───── Available data ─────
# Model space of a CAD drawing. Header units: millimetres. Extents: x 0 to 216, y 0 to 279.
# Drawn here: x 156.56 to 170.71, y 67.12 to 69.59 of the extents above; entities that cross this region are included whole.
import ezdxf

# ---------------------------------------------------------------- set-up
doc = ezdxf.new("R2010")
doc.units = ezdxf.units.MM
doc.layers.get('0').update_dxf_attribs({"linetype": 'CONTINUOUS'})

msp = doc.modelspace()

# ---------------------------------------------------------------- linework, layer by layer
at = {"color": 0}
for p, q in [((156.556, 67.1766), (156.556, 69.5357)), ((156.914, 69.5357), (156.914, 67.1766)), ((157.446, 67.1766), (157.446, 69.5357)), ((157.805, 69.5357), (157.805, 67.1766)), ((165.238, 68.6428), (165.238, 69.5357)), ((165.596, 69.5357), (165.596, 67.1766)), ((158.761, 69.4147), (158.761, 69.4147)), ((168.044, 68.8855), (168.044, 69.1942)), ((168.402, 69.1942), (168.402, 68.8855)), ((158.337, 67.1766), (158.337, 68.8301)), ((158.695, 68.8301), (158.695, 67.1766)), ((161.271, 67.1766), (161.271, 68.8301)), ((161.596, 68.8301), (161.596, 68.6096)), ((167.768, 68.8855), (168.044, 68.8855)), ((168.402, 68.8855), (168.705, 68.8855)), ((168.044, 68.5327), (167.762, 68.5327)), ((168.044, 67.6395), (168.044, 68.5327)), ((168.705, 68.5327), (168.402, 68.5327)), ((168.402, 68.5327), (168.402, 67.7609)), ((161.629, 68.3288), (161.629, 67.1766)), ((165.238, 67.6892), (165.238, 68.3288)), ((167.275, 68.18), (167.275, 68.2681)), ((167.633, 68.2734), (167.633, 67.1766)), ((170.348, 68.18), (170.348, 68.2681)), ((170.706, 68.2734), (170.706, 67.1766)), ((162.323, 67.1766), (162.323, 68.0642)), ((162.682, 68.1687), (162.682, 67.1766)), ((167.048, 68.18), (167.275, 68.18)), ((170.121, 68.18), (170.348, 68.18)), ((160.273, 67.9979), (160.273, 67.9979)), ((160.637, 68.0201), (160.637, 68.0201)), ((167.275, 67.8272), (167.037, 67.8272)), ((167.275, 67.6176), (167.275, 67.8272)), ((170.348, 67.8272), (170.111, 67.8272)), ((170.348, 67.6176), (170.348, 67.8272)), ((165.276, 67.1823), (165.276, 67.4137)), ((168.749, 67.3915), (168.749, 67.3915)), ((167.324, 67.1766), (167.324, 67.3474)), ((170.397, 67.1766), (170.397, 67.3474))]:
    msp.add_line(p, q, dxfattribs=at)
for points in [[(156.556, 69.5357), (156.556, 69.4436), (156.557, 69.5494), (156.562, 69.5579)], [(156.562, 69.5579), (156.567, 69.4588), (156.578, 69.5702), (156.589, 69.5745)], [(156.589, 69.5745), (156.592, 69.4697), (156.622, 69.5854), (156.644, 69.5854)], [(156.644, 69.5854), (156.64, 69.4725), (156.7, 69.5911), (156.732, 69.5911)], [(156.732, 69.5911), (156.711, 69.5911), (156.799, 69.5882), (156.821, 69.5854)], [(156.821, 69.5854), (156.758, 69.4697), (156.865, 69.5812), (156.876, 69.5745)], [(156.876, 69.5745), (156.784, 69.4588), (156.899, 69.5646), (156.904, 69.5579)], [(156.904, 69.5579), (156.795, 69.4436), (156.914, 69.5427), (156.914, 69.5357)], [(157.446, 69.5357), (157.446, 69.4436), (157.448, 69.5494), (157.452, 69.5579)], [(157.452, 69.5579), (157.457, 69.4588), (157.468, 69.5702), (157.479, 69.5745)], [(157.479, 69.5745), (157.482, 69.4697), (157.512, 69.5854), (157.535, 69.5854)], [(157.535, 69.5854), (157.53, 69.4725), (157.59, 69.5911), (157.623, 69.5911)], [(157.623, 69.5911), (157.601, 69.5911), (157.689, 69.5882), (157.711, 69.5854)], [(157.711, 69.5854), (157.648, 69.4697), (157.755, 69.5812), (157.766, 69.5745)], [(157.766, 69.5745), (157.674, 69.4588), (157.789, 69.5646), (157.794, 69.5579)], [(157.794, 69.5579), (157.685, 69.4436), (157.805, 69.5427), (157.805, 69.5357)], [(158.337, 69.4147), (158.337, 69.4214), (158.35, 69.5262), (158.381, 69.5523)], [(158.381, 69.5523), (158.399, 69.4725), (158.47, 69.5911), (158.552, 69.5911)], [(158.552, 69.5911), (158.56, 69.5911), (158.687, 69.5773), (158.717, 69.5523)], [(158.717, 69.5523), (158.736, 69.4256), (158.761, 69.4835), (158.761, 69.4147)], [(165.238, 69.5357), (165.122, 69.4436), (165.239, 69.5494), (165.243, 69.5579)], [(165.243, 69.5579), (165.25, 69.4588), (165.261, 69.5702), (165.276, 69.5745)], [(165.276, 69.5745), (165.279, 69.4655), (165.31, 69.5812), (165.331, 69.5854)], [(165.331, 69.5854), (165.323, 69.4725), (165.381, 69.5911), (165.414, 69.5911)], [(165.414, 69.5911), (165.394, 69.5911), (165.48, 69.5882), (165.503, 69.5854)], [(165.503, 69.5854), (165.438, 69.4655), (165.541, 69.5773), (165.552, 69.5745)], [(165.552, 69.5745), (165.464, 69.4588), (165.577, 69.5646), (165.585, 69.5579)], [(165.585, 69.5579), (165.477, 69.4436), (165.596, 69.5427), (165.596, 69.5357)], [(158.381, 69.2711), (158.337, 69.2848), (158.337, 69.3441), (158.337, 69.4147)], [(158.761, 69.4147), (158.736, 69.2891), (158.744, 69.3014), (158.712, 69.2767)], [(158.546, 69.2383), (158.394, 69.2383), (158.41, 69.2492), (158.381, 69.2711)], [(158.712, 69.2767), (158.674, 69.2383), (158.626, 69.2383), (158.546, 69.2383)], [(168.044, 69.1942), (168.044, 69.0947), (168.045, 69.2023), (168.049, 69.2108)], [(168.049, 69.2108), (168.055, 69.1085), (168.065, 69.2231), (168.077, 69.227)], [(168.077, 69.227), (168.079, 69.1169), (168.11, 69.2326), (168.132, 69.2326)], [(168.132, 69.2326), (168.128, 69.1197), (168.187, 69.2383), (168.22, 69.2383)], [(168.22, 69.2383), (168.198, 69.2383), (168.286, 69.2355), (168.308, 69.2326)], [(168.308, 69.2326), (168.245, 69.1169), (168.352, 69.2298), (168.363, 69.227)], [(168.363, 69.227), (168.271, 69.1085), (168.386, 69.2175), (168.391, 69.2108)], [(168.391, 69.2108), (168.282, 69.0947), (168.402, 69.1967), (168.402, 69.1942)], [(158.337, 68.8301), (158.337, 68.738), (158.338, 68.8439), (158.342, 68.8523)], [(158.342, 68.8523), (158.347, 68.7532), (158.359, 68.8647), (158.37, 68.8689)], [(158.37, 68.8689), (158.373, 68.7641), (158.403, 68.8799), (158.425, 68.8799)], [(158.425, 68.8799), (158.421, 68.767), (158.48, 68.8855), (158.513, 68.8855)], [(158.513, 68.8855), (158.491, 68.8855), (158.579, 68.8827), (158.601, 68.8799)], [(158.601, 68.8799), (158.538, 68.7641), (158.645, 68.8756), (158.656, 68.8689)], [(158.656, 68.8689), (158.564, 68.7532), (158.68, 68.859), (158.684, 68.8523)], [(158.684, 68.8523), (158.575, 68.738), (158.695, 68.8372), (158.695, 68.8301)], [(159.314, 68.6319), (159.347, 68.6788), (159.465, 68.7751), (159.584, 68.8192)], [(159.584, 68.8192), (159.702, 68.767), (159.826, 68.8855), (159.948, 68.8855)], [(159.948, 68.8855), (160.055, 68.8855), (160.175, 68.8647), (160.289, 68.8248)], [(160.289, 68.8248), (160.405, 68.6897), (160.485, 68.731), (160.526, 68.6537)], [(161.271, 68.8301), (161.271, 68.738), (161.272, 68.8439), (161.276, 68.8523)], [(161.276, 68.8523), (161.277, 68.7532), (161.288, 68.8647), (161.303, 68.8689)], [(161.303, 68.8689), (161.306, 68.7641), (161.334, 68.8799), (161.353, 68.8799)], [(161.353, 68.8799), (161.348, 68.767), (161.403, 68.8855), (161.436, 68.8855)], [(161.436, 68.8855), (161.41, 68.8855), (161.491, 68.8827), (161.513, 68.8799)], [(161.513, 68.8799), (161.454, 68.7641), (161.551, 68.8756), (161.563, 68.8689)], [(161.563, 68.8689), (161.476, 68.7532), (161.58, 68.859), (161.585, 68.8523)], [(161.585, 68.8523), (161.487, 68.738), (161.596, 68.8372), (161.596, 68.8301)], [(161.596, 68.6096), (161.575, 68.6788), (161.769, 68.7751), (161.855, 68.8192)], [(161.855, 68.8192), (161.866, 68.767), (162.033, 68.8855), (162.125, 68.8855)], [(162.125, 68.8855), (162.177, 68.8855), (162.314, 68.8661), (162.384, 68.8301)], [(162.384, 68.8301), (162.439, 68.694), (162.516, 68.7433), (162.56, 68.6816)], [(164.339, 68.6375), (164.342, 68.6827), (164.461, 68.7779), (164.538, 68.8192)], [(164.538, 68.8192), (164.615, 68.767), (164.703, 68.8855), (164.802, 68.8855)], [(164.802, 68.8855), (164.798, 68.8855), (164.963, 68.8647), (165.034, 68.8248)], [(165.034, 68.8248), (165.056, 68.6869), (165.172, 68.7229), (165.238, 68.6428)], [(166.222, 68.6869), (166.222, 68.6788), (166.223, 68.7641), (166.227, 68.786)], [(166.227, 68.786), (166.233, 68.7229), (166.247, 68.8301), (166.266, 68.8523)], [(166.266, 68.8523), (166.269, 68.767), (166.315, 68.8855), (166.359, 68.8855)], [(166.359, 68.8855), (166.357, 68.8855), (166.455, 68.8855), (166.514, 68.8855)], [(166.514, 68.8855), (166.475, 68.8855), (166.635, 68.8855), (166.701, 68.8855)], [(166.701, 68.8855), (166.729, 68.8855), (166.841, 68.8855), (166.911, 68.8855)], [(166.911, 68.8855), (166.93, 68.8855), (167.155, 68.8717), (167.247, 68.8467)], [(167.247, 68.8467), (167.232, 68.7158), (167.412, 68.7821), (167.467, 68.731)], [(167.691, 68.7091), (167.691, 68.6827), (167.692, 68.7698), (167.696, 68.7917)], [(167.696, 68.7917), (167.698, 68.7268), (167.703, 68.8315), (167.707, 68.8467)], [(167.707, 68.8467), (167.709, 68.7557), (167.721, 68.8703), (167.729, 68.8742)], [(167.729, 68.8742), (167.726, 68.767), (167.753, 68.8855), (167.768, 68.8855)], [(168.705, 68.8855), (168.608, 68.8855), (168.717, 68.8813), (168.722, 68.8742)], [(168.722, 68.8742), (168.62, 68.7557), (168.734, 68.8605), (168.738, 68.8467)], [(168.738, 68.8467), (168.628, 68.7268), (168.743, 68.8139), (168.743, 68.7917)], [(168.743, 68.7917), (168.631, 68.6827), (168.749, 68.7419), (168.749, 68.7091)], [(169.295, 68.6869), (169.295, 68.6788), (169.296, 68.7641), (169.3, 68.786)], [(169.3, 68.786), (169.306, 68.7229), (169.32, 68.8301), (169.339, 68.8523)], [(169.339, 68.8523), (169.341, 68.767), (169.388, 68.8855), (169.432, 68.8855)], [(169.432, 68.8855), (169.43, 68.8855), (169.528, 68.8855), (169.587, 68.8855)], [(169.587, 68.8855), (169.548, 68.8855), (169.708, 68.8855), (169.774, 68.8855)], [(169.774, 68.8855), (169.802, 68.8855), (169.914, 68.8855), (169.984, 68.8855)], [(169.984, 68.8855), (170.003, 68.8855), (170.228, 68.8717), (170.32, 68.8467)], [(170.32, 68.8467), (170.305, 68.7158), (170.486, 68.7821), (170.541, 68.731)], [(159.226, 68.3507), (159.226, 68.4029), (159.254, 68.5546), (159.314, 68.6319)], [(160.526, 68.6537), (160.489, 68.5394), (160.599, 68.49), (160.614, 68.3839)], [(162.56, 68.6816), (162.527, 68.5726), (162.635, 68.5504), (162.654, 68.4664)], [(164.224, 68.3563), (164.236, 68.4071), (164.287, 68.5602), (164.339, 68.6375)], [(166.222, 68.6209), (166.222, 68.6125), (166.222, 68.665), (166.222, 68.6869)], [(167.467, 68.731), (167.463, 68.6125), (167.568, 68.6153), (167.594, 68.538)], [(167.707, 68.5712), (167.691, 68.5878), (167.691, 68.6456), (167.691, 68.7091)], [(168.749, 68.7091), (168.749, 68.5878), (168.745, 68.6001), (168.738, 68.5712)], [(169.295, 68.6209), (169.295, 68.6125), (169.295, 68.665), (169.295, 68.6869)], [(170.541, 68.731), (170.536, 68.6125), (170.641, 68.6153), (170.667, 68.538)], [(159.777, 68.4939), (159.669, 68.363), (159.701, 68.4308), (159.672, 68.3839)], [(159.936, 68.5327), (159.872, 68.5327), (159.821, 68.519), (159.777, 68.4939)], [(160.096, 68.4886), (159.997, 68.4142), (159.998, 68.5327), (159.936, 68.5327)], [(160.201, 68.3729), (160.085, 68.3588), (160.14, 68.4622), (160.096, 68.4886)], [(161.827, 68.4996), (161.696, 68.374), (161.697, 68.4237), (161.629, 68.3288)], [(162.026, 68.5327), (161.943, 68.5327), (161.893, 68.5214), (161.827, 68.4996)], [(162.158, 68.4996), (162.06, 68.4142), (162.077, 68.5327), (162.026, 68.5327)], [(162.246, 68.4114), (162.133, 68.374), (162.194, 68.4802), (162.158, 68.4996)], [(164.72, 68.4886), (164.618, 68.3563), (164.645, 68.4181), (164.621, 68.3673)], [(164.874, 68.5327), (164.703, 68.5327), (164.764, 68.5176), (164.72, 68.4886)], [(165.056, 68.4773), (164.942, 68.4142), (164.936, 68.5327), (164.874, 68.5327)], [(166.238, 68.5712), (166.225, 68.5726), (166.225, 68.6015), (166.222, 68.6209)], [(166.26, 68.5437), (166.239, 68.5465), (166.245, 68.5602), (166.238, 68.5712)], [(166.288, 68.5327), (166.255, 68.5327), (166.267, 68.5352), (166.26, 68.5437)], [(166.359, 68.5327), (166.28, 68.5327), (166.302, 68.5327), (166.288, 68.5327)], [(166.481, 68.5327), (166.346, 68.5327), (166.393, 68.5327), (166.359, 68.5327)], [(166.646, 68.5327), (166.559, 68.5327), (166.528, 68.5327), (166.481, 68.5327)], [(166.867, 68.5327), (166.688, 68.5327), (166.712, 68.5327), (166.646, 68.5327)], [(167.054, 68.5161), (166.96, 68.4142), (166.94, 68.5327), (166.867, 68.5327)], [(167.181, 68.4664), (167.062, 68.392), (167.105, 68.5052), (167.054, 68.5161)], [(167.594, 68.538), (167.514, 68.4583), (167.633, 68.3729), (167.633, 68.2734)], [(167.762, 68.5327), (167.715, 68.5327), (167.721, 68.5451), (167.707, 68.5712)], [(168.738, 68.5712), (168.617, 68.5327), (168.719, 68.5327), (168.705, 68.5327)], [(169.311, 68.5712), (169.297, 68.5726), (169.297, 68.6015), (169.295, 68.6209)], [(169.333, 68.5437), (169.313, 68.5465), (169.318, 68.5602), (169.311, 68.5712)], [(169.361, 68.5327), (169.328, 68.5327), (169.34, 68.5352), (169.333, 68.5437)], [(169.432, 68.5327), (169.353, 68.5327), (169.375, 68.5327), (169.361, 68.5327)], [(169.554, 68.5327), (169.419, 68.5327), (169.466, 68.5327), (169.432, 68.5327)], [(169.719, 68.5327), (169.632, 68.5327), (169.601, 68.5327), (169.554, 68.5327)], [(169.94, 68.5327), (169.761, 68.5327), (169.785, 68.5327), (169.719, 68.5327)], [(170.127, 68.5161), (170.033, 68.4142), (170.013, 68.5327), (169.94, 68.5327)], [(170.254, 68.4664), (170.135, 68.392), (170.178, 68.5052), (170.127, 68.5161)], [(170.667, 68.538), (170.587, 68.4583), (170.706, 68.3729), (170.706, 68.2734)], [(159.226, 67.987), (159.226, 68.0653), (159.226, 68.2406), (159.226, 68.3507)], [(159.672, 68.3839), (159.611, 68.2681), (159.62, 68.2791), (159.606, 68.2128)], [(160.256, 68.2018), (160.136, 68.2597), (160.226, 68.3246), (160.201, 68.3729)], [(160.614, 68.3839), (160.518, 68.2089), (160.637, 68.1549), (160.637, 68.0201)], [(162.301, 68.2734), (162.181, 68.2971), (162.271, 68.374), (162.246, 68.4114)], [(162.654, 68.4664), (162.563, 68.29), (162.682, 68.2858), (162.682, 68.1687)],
─────
◆ **Assignment**
What lines in the material above hold the word "ezdxf"? Pull them out.

◆ **Response to the task**
import ezdxf
doc = ezdxf.new("R2010")
doc.units = ezdxf.units.MM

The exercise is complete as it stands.